Manhattan Plot of SKAT-O association results: Each point represents one of the 20,385 genes plotted against x-axis being chromosome position and y-axis log transformed SKAT-O p-value. All the genes above the red line are Bonferroni significant, and genes above the blue line have a p-value < 1 × 10⁻⁵.
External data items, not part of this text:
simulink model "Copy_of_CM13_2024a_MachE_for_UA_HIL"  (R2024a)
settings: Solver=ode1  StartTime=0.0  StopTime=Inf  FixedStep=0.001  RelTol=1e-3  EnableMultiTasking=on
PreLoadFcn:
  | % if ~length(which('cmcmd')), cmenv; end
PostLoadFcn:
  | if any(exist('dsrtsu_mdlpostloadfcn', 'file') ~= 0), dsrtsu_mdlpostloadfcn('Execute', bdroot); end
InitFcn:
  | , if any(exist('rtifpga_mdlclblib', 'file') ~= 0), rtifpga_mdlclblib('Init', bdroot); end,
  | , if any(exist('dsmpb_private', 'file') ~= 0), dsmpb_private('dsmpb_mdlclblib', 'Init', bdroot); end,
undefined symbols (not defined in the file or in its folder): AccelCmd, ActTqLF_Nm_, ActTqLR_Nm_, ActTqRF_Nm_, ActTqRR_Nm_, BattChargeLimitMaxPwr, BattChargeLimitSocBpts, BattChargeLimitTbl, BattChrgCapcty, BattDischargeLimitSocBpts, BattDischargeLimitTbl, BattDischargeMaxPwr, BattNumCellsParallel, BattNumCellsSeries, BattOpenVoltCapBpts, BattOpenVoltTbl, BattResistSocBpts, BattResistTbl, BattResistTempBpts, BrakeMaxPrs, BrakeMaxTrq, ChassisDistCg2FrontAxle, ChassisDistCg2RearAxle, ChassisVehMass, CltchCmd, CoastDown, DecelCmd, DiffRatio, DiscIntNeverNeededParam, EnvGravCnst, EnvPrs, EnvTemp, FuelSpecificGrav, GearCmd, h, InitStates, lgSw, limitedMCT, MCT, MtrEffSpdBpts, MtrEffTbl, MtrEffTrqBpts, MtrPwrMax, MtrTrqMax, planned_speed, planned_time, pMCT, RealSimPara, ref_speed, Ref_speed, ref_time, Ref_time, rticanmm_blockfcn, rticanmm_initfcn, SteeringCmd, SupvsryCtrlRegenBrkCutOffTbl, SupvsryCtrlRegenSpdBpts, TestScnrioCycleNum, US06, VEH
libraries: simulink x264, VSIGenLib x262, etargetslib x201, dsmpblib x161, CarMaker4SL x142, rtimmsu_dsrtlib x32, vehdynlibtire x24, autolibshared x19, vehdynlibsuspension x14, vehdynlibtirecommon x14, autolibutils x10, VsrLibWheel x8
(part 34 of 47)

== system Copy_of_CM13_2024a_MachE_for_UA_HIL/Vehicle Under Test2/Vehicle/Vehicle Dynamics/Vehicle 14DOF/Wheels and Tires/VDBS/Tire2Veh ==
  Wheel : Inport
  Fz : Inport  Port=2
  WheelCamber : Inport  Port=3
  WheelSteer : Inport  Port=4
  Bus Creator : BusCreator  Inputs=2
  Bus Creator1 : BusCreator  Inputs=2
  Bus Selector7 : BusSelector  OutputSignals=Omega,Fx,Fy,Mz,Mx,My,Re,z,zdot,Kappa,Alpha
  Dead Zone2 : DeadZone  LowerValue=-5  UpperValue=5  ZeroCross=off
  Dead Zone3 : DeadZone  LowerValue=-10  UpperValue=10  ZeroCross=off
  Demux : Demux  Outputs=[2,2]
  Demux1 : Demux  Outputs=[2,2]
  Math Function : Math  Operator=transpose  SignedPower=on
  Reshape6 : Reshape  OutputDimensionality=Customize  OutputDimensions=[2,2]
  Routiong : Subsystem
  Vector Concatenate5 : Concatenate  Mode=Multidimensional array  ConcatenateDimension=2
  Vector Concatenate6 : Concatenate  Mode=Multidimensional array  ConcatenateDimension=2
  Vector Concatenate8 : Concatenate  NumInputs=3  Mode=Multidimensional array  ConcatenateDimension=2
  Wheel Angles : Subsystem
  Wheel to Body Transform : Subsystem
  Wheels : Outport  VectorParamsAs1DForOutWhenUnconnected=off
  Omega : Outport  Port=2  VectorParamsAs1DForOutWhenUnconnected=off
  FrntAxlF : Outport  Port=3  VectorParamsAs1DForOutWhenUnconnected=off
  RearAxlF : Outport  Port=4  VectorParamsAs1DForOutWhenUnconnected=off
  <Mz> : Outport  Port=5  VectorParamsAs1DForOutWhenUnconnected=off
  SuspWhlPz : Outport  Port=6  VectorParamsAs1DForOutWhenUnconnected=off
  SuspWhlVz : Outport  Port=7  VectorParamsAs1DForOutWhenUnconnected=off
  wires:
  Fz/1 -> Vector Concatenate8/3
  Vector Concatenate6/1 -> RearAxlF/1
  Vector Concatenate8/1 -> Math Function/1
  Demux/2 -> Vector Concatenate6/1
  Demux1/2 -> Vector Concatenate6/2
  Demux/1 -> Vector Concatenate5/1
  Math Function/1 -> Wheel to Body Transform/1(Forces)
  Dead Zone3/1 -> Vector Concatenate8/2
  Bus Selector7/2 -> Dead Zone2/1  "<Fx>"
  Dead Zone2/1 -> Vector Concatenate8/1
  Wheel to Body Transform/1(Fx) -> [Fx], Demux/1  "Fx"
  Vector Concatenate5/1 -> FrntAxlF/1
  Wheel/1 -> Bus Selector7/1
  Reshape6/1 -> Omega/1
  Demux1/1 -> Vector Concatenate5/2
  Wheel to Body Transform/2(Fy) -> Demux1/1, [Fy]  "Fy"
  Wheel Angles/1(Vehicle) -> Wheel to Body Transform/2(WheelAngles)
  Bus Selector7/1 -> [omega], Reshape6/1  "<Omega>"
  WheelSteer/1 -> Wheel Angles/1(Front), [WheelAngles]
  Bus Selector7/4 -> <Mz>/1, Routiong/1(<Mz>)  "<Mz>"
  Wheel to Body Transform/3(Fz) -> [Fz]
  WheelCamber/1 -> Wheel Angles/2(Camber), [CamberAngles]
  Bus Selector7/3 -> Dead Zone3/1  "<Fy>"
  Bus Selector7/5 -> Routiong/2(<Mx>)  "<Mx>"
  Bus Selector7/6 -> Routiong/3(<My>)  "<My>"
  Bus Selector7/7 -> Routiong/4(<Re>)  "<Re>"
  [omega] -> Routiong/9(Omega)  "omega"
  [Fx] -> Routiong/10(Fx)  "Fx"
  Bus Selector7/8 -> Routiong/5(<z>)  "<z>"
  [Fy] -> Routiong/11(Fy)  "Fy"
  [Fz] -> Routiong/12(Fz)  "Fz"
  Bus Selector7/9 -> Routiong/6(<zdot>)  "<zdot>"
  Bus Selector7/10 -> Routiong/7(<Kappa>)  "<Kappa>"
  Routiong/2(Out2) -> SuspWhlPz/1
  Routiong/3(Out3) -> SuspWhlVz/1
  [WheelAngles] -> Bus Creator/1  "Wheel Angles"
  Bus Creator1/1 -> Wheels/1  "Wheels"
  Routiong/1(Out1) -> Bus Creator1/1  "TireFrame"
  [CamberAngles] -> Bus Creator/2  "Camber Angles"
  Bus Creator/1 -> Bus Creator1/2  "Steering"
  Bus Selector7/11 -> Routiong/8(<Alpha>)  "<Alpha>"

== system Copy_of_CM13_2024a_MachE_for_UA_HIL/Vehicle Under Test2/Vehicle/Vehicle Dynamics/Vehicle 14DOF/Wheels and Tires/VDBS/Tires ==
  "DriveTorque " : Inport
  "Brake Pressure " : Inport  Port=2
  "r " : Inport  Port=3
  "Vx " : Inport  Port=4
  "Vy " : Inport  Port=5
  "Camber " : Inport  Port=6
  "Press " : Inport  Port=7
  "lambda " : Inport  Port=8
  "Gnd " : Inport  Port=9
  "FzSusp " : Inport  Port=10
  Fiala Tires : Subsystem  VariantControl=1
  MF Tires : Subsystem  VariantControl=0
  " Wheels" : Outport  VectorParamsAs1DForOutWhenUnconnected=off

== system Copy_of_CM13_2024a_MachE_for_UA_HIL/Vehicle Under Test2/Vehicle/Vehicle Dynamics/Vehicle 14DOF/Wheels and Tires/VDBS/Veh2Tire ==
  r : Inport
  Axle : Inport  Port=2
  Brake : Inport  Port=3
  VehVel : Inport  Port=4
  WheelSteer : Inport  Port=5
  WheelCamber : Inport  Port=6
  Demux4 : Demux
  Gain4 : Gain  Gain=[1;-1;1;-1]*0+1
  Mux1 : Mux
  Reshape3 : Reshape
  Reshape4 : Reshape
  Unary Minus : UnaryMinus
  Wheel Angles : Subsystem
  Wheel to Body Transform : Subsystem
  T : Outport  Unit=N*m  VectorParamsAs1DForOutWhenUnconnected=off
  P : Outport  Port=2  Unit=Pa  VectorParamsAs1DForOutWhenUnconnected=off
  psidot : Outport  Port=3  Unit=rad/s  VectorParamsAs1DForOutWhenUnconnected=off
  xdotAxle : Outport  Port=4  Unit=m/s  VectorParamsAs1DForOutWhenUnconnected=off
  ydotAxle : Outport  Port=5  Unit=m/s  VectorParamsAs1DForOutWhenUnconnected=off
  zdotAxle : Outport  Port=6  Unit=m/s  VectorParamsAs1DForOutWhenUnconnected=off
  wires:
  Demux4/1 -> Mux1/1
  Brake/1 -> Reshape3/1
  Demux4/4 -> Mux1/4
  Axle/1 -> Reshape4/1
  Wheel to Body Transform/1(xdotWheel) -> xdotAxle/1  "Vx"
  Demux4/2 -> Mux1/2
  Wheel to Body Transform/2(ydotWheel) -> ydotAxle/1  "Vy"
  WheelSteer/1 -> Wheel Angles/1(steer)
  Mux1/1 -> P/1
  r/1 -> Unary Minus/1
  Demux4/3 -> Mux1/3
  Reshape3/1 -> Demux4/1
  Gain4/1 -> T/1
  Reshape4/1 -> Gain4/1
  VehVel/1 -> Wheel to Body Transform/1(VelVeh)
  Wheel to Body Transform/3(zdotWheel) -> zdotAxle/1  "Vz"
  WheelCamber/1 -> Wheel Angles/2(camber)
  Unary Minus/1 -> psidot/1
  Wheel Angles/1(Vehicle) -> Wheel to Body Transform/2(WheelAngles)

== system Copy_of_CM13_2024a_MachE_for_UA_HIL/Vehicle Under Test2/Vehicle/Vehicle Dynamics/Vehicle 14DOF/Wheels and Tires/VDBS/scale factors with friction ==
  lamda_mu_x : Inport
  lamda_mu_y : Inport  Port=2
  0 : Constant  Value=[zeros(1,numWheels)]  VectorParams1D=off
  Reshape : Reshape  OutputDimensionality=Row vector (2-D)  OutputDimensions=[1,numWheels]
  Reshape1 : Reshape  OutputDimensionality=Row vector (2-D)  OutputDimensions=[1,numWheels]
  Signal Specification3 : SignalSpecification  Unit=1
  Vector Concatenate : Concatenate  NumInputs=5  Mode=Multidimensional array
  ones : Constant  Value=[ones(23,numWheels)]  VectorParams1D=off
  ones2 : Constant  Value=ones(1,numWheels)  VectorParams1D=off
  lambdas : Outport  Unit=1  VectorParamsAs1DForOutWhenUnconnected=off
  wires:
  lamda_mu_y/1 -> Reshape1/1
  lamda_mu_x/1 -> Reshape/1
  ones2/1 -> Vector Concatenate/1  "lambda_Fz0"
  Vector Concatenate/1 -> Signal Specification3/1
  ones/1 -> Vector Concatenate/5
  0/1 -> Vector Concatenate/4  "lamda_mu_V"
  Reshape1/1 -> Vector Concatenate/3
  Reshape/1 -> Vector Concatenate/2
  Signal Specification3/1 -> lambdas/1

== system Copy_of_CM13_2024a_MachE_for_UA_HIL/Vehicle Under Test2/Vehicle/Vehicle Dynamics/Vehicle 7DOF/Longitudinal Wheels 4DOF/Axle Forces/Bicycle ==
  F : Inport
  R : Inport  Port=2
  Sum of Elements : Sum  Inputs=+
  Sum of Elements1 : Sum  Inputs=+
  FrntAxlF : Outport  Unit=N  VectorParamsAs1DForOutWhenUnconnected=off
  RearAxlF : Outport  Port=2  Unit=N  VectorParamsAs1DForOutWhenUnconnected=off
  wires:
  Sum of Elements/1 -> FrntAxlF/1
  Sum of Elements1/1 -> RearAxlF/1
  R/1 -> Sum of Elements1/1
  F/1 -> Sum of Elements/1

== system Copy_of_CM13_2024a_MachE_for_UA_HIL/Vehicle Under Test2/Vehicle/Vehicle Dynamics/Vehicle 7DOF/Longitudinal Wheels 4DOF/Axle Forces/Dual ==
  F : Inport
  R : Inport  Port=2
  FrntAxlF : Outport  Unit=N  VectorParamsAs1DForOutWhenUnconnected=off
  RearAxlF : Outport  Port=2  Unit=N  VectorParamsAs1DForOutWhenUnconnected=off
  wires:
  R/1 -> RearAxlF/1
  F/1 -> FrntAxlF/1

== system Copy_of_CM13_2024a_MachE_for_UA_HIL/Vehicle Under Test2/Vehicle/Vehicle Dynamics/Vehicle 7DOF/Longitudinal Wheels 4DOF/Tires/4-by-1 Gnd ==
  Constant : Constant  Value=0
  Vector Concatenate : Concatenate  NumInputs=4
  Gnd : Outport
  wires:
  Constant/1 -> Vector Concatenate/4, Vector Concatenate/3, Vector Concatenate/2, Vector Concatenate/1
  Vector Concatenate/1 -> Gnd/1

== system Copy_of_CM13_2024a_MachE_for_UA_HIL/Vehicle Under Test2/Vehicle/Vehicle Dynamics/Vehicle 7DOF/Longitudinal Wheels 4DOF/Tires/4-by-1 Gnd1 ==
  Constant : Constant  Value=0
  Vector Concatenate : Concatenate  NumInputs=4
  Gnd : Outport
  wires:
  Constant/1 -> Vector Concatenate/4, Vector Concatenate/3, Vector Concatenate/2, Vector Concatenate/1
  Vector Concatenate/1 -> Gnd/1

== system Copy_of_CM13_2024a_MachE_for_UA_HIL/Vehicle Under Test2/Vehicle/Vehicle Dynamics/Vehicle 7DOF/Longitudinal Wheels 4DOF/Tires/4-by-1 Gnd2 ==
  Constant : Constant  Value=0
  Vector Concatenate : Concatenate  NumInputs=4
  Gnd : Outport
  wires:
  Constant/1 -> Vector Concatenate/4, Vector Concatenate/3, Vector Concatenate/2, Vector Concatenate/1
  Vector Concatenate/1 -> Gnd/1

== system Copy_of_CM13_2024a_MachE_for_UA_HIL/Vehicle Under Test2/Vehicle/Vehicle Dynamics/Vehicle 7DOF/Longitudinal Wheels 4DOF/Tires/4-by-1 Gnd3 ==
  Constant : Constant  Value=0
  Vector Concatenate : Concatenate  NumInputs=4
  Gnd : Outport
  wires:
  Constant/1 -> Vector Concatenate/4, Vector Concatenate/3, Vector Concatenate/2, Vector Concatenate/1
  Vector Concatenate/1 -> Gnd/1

The RECK gene was found to be associated with endometrial cancer and was replicated (p-value < 0.05). ATP8A1 showed a suggestive association (p-value < 10⁻⁵) in the discovery analysis and was also replicated (p-value < 0.05). Table 2 shows the number of loci, allele counts, SKAT-O p-value, and Bonferroni corrected p-value of the six protein-coding genes, one long non-coding RNA as well as additional suggestive gene, ATP8A1 from discovery and replication analysis. Table 2 also summarizes the distribution of MAC between case and control populations.

Table 2.

Genes associated with endometrial cancer after Bonferroni correction in discovery analysis.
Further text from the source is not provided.